[Records excerpted from a collection]
========================================================================
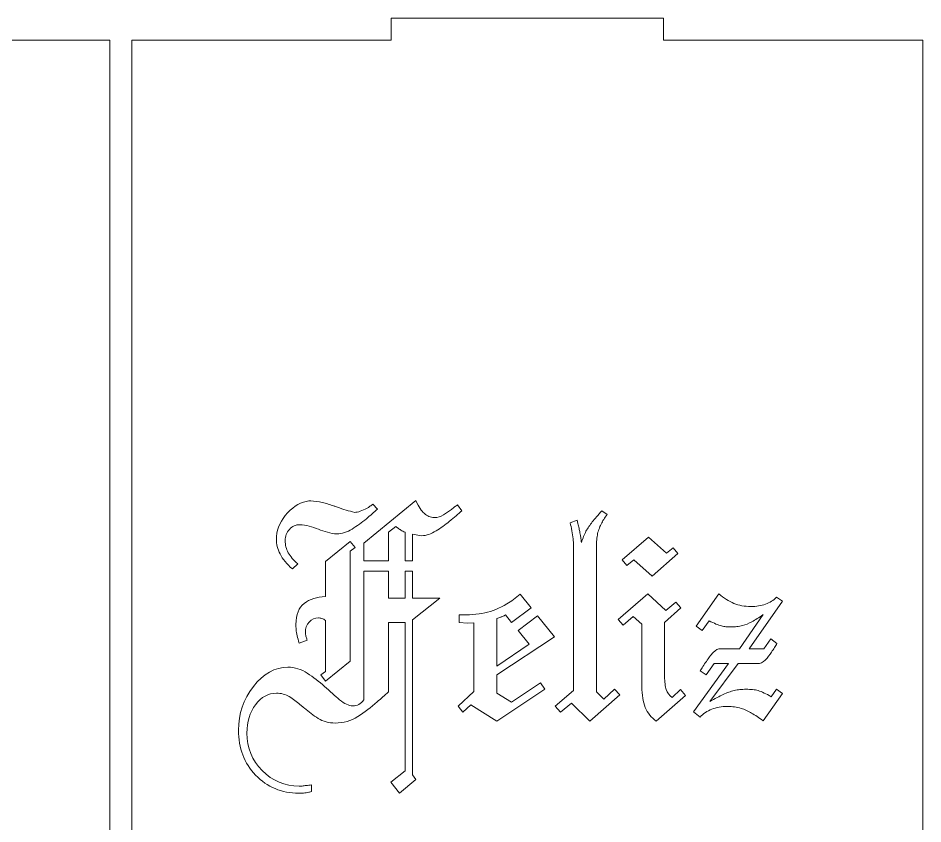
# Model space of a CAD drawing. Header units: centimetres. Extents: x -198 to 198, y -41 to 41.
# Drawn here: x 151.96 to 164.3, y 9.36 to 20.36 of the extents above; entities that cross this region are included whole.
import ezdxf

# ---------------------------------------------------------------- set-up
doc = ezdxf.new("R2010")
doc.units = ezdxf.units.CM
doc.header["$MEASUREMENT"] = 0
doc.layers.add('Camada 1', color=7, linetype='Continuous')

msp = doc.modelspace()

# ---------------------------------------------------------------- linework, layer by layer
at = {"layer": 'Camada 1', "color": 250, "lineweight": 9}
for points, knots in [([(142.41636, 20.0589), (142.41636, 20.0589), (142.41636, -1.34106), (142.41636, -1.34106), (142.41636, -1.34106), (142.41636, -1.34106), (145.95564, -1.34106), (145.95564, -1.34106), (145.95564, -1.34106), (145.95564, -1.34106), (145.95564, -1.64106), (145.95564, -1.64106), (145.95564, -1.64106), (145.95564, -1.64106), (149.66992, -1.64106), (149.66992, -1.64106), (149.66992, -1.64106), (149.66992, -1.64106), (149.66992, -1.34106), (149.66992, -1.34106), (149.66992, -1.34106), (149.66992, -1.34106), (153.2092, -1.34106), (153.2092, -1.34106), (153.2092, -1.34106), (153.2092, -1.34106), (153.2092, 20.0589), (153.2092, 20.0589), (153.2092, 20.0589), (153.2092, 20.0589), (149.66992, 20.0589), (149.66992, 20.0589), (149.66992, 20.0589), (149.66992, 20.0589), (149.66992, 20.3589), (149.66992, 20.3589), (149.66992, 20.3589), (149.66992, 20.3589), (145.95564, 20.3589), (145.95564, 20.3589), (145.95564, 20.3589), (145.95564, 20.3589), (145.95564, 20.0589), (145.95564, 20.0589), (145.95564, 20.0589), (145.95564, 20.0589), (142.41636, 20.0589), (142.41636, 20.0589)], [0, 0, 0, 0, 0.07692308, 0.07692308, 0.07692308, 0.07692308, 0.15384615, 0.15384615, 0.15384615, 0.15384615, 0.23076923, 0.23076923, 0.23076923, 0.23076923, 0.30769231, 0.30769231, 0.30769231, 0.30769231, 0.38461538, 0.38461538, 0.38461538, 0.38461538, 0.46153846, 0.46153846, 0.46153846, 0.46153846, 0.53846154, 0.53846154, 0.53846154, 0.53846154, 0.61538462, 0.61538462, 0.61538462, 0.61538462, 0.69230769, 0.69230769, 0.69230769, 0.69230769, 0.76923077, 0.76923077, 0.76923077, 0.76923077, 0.84615385, 0.84615385, 0.84615385, 0.84615385, 1, 1, 1, 1]), ([(153.5092, 20.0589), (153.5092, 20.0589), (153.5092, -1.34106), (153.5092, -1.34106), (153.5092, -1.34106), (153.5092, -1.34106), (157.04848, -1.34106), (157.04848, -1.34106), (157.04848, -1.34106), (157.04848, -1.34106), (157.04848, -1.64106), (157.04848, -1.64106), (157.04848, -1.64106), (157.04848, -1.64106), (160.76276, -1.64106), (160.76276, -1.64106), (160.76276, -1.64106), (160.76276, -1.64106), (160.76276, -1.34106), (160.76276, -1.34106), (160.76276, -1.34106), (160.76276, -1.34106), (164.30204, -1.34106), (164.30204, -1.34106), (164.30204, -1.34106), (164.30204, -1.34106), (164.30204, 20.0589), (164.30204, 20.0589), (164.30204, 20.0589), (164.30204, 20.0589), (160.76276, 20.0589), (160.76276, 20.0589), (160.76276, 20.0589), (160.76276, 20.0589), (160.76276, 20.3589), (160.76276, 20.3589), (160.76276, 20.3589), (160.76276, 20.3589), (157.04848, 20.3589), (157.04848, 20.3589), (157.04848, 20.3589), (157.04848, 20.3589), (157.04848, 20.0589), (157.04848, 20.0589), (157.04848, 20.0589), (157.04848, 20.0589), (153.5092, 20.0589), (153.5092, 20.0589)], [0, 0, 0, 0, 0.07692308, 0.07692308, 0.07692308, 0.07692308, 0.15384615, 0.15384615, 0.15384615, 0.15384615, 0.23076923, 0.23076923, 0.23076923, 0.23076923, 0.30769231, 0.30769231, 0.30769231, 0.30769231, 0.38461538, 0.38461538, 0.38461538, 0.38461538, 0.46153846, 0.46153846, 0.46153846, 0.46153846, 0.53846154, 0.53846154, 0.53846154, 0.53846154, 0.61538462, 0.61538462, 0.61538462, 0.61538462, 0.69230769, 0.69230769, 0.69230769, 0.69230769, 0.76923077, 0.76923077, 0.76923077, 0.76923077, 0.84615385, 0.84615385, 0.84615385, 0.84615385, 1, 1, 1, 1]), ([(155.69938, 12.841), (155.66097, 12.87349), (155.62774, 12.90674), (155.59966, 12.94072), (155.59966, 12.94072), (155.5716, 12.97467), (155.5487, 13.0094), (155.53098, 13.04485), (155.53098, 13.04485), (155.51325, 13.07736), (155.5007, 13.1106), (155.49332, 13.14458), (155.49332, 13.14458), (155.48593, 13.17853), (155.48223, 13.21324), (155.48223, 13.2487), (155.48223, 13.2487), (155.48223, 13.25462), (155.48223, 13.26052), (155.48223, 13.26642), (155.48223, 13.26642), (155.48223, 13.27234), (155.48223, 13.27824), (155.48223, 13.28415), (155.48223, 13.28415), (155.49406, 13.39938), (155.54501, 13.50647), (155.63513, 13.60544), (155.63513, 13.60544), (155.72524, 13.70441), (155.82198, 13.75833), (155.92538, 13.7672), (155.92538, 13.7672), (155.9313, 13.7672), (155.93646, 13.7672), (155.9409, 13.7672), (155.9409, 13.7672), (155.94532, 13.7672), (155.94902, 13.7672), (155.95197, 13.7672), (155.95197, 13.7672), (156.0022, 13.7672), (156.0539, 13.76055), (156.10707, 13.74726), (156.10707, 13.74726), (156.16026, 13.73397), (156.21491, 13.71696), (156.27105, 13.69629), (156.27105, 13.69629), (156.27695, 13.69629), (156.28361, 13.69481), (156.29098, 13.69187), (156.29098, 13.69187), (156.29838, 13.68891), (156.3065, 13.68594), (156.31535, 13.68301), (156.31535, 13.68301), (156.35377, 13.66822), (156.39292, 13.65493), (156.4328, 13.6431), (156.4328, 13.6431), (156.47268, 13.6313), (156.51183, 13.62095), (156.55025, 13.61209), (156.55025, 13.61209), (156.57091, 13.61209), (156.59602, 13.61726), (156.62557, 13.6276), (156.62557, 13.6276), (156.65512, 13.63795), (156.68613, 13.65196), (156.71864, 13.66969), (156.71864, 13.66969), (156.73045, 13.67561), (156.74374, 13.68373), (156.75853, 13.69409), (156.75853, 13.69409), (156.77328, 13.70441), (156.78658, 13.71402), (156.7984, 13.72288), (156.7984, 13.72288), (156.7984, 13.72288), (156.86044, 13.6564), (156.86044, 13.6564), (156.86044, 13.6564), (156.83681, 13.63573), (156.81245, 13.6143), (156.78733, 13.59215), (156.78733, 13.59215), (156.76221, 13.56999), (156.73637, 13.54709), (156.70979, 13.52347), (156.70979, 13.52347), (156.64773, 13.47323), (156.58274, 13.42671), (156.51477, 13.38386), (156.51477, 13.38386), (156.44684, 13.34103), (156.37741, 13.31962), (156.3065, 13.31962), (156.3065, 13.31962), (156.26218, 13.31962), (156.21934, 13.32626), (156.17799, 13.33956), (156.17799, 13.33956), (156.13662, 13.35285), (156.09527, 13.36686), (156.0539, 13.38166), (156.0539, 13.38166), (156.01254, 13.39641), (155.97118, 13.41046), (155.92982, 13.42375), (155.92982, 13.42375), (155.88846, 13.43704), (155.84563, 13.44369), (155.80132, 13.44369), (155.80132, 13.44369), (155.74518, 13.44369), (155.69791, 13.42228), (155.65949, 13.37943), (155.65949, 13.37943), (155.62109, 13.3366), (155.6019, 13.28564), (155.6019, 13.22654), (155.6019, 13.22654), (155.6019, 13.16744), (155.61592, 13.11207), (155.644, 13.06035), (155.644, 13.06035), (155.67204, 13.00865), (155.71564, 12.9577), (155.77471, 12.90747), (155.77471, 12.90747), (155.77471, 12.90747), (155.69938, 12.841), (155.69938, 12.841)], [0, 0, 0, 0, 0.02857143, 0.02857143, 0.02857143, 0.02857143, 0.05714286, 0.05714286, 0.05714286, 0.05714286, 0.08571429, 0.08571429, 0.08571429, 0.08571429, 0.11428571, 0.11428571, 0.11428571, 0.11428571, 0.14285714, 0.14285714, 0.14285714, 0.14285714, 0.17142857, 0.17142857, 0.17142857, 0.17142857, 0.2, 0.2, 0.2, 0.2, 0.22857143, 0.22857143, 0.22857143, 0.22857143, 0.25714286, 0.25714286, 0.25714286, 0.25714286, 0.28571429, 0.28571429, 0.28571429, 0.28571429, 0.31428571, 0.31428571, 0.31428571, 0.31428571, 0.34285714, 0.34285714, 0.34285714, 0.34285714, 0.37142857, 0.37142857, 0.37142857, 0.37142857, 0.4, 0.4, 0.4, 0.4, 0.42857143, 0.42857143, 0.42857143, 0.42857143, 0.45714286, 0.45714286, 0.45714286, 0.45714286, 0.48571429, 0.48571429, 0.48571429, 0.48571429, 0.51428571, 0.51428571, 0.51428571, 0.51428571, 0.54285714, 0.54285714, 0.54285714, 0.54285714, 0.57142857, 0.57142857, 0.57142857, 0.57142857, 0.6, 0.6, 0.6, 0.6, 0.62857143, 0.62857143, 0.62857143, 0.62857143, 0.65714286, 0.65714286, 0.65714286, 0.65714286, 0.68571429, 0.68571429, 0.68571429, 0.68571429, 0.71428571, 0.71428571, 0.71428571, 0.71428571, 0.74285714, 0.74285714, 0.74285714, 0.74285714, 0.77142857, 0.77142857, 0.77142857, 0.77142857, 0.8, 0.8, 0.8, 0.8, 0.82857143, 0.82857143, 0.82857143, 0.82857143, 0.85714286, 0.85714286, 0.85714286, 0.85714286, 0.88571429, 0.88571429, 0.88571429, 0.88571429, 0.91428571, 0.91428571, 0.91428571, 0.91428571, 0.94285714, 0.94285714, 0.94285714, 0.94285714, 1, 1, 1, 1]), ([(156.67431, 12.95092), (156.67431, 12.95092), (156.67431, 13.1911), (156.67431, 13.1911), (156.67431, 13.1911), (156.67431, 13.1911), (157.38337, 13.77163), (157.38337, 13.77163), (157.38337, 13.77163), (157.40405, 13.72732), (157.42399, 13.69112), (157.44319, 13.66305), (157.44319, 13.66305), (157.4624, 13.63499), (157.48087, 13.61355), (157.4986, 13.59879), (157.4986, 13.59879), (157.51928, 13.5781), (157.54069, 13.56334), (157.56284, 13.55448), (157.56284, 13.55448), (157.585, 13.54562), (157.60937, 13.5412), (157.63598, 13.5412), (157.63598, 13.5412), (157.68029, 13.5412), (157.72163, 13.55299), (157.76005, 13.57664), (157.76005, 13.57664), (157.79845, 13.60027), (157.8354, 13.62537), (157.87084, 13.65196), (157.87084, 13.65196), (157.8856, 13.66379), (157.89965, 13.67487), (157.91294, 13.68522), (157.91294, 13.68522), (157.92624, 13.69554), (157.93877, 13.70516), (157.95059, 13.71402), (157.95059, 13.71402), (157.95059, 13.71402), (158.01266, 13.63424), (158.01266, 13.63424), (158.01266, 13.63424), (157.98902, 13.61355), (157.96243, 13.59067), (157.93287, 13.56557), (157.93287, 13.56557), (157.90333, 13.54045), (157.87231, 13.51461), (157.83983, 13.488), (157.83983, 13.488), (157.81322, 13.46437), (157.78442, 13.44147), (157.7534, 13.41931), (157.7534, 13.41931), (157.72238, 13.39716), (157.69209, 13.37722), (157.66256, 13.35949), (157.66256, 13.35949), (157.62709, 13.33881), (157.59314, 13.32256), (157.56063, 13.31075), (157.56063, 13.31075), (157.52814, 13.29893), (157.49564, 13.29301), (157.46315, 13.29301), (157.46315, 13.29301), (157.46315, 13.29301), (157.33906, 13.31519), (157.33906, 13.31519), (157.33906, 13.31519), (157.33906, 13.31519), (157.33906, 12.95092), (157.33906, 12.95092), (157.33906, 12.95092), (157.33906, 12.95092), (157.23712, 12.95092), (157.23712, 12.95092), (157.23712, 12.95092), (157.23712, 12.95092), (157.23712, 13.34177), (157.23712, 13.34177), (157.23712, 13.34177), (157.22532, 13.34471), (157.21496, 13.34842), (157.20611, 13.35285), (157.20611, 13.35285), (157.19724, 13.35728), (157.18838, 13.36244), (157.17952, 13.36836), (157.17952, 13.36836), (157.17655, 13.37131), (157.17434, 13.37354), (157.17287, 13.37501), (157.17287, 13.37501), (157.17141, 13.37648), (157.16918, 13.37722), (157.16623, 13.37722), (157.16623, 13.37722), (157.15736, 13.38313), (157.14924, 13.38904), (157.14185, 13.39494), (157.14185, 13.39494), (157.13446, 13.40085), (157.12485, 13.40824), (157.11305, 13.41711), (157.11305, 13.41711), (157.11305, 13.41711), (157.01111, 13.34177), (157.01111, 13.34177), (157.01111, 13.34177), (157.01111, 13.34177), (157.01111, 12.95092), (157.01111, 12.95092), (157.01111, 12.95092), (157.01111, 12.95092), (156.67431, 12.95092), (156.67431, 12.95092)], [0, 0, 0, 0, 0.03225806, 0.03225806, 0.03225806, 0.03225806, 0.06451613, 0.06451613, 0.06451613, 0.06451613, 0.09677419, 0.09677419, 0.09677419, 0.09677419, 0.12903226, 0.12903226, 0.12903226, 0.12903226, 0.16129032, 0.16129032, 0.16129032, 0.16129032, 0.19354839, 0.19354839, 0.19354839, 0.19354839, 0.22580645, 0.22580645, 0.22580645, 0.22580645, 0.25806452, 0.25806452, 0.25806452, 0.25806452, 0.29032258, 0.29032258, 0.29032258, 0.29032258, 0.32258065, 0.32258065, 0.32258065, 0.32258065, 0.35483871, 0.35483871, 0.35483871, 0.35483871, 0.38709677, 0.38709677, 0.38709677, 0.38709677, 0.41935484, 0.41935484, 0.41935484, 0.41935484, 0.4516129, 0.4516129, 0.4516129, 0.4516129, 0.48387097, 0.48387097, 0.48387097, 0.48387097, 0.51612903, 0.51612903, 0.51612903, 0.51612903, 0.5483871, 0.5483871, 0.5483871, 0.5483871, 0.58064516, 0.58064516, 0.58064516, 0.58064516, 0.61290323, 0.61290323, 0.61290323, 0.61290323, 0.64516129, 0.64516129, 0.64516129, 0.64516129, 0.67741935, 0.67741935, 0.67741935, 0.67741935, 0.70967742, 0.70967742, 0.70967742, 0.70967742, 0.74193548, 0.74193548, 0.74193548, 0.74193548, 0.77419355, 0.77419355, 0.77419355, 0.77419355, 0.80645161, 0.80645161, 0.80645161, 0.80645161, 0.83870968, 0.83870968, 0.83870968, 0.83870968, 0.87096774, 0.87096774, 0.87096774, 0.87096774, 0.90322581, 0.90322581, 0.90322581, 0.90322581, 0.93548387, 0.93548387, 0.93548387, 0.93548387, 1, 1, 1, 1]), ([(159.35541, 10.88225), (159.35541, 10.88225), (159.28449, 10.96647), (159.28449, 10.96647), (159.28449, 10.96647), (159.28449, 10.96647), (159.53711, 11.17918), (159.53711, 11.17918), (159.53711, 11.17918), (159.53711, 11.17918), (159.53711, 13.14235), (159.53711, 13.14235), (159.53711, 13.14235), (159.53711, 13.15712), (159.53636, 13.17409), (159.53489, 13.19331), (159.53489, 13.19331), (159.53341, 13.2125), (159.53118, 13.23097), (159.52824, 13.2487), (159.52824, 13.2487), (159.52529, 13.28711), (159.5201, 13.32477), (159.51273, 13.36171), (159.51273, 13.36171), (159.50534, 13.39863), (159.4972, 13.43483), (159.48834, 13.47028), (159.48834, 13.47028), (159.48834, 13.47028), (159.58585, 13.50575), (159.58585, 13.50575), (159.58585, 13.50575), (159.59175, 13.47323), (159.59768, 13.44665), (159.60358, 13.42596), (159.60358, 13.42596), (159.60947, 13.40527), (159.6139, 13.38461), (159.61686, 13.36393), (159.61686, 13.36393), (159.61982, 13.35507), (159.62205, 13.34471), (159.62351, 13.33291), (159.62351, 13.33291), (159.62498, 13.32109), (159.62719, 13.30926), (159.63016, 13.29744), (159.63016, 13.29744), (159.63312, 13.28268), (159.63533, 13.26792), (159.6368, 13.25313), (159.6368, 13.25313), (159.63829, 13.23836), (159.64051, 13.22064), (159.64345, 13.19996), (159.64345, 13.19996), (159.65231, 13.22951), (159.66192, 13.25684), (159.67225, 13.28193), (159.67225, 13.28193), (159.68261, 13.30704), (159.69368, 13.33142), (159.7055, 13.35507), (159.7055, 13.35507), (159.72913, 13.39641), (159.75794, 13.43853), (159.79191, 13.48135), (159.79191, 13.48135), (159.82589, 13.52419), (159.86946, 13.57518), (159.92265, 13.63424), (159.92265, 13.63424), (159.92265, 13.63424), (159.99355, 13.58107), (159.99355, 13.58107), (159.99355, 13.58107), (159.97583, 13.55745), (159.96031, 13.53527), (159.94702, 13.51461), (159.94702, 13.51461), (159.93373, 13.49392), (159.92265, 13.47323), (159.91379, 13.45255), (159.91379, 13.45255), (159.8872, 13.40527), (159.86946, 13.35507), (159.86059, 13.30187), (159.86059, 13.30187), (159.85173, 13.2487), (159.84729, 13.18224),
========================================================================
**PROBLEM STATEMENT:**
If a line above holds the string "ezdxf", return it as it stands.

**RESULT OF THIS EXERCISE:**
import ezdxf
doc = ezdxf.new("R2010")
doc.units = ezdxf.units.CM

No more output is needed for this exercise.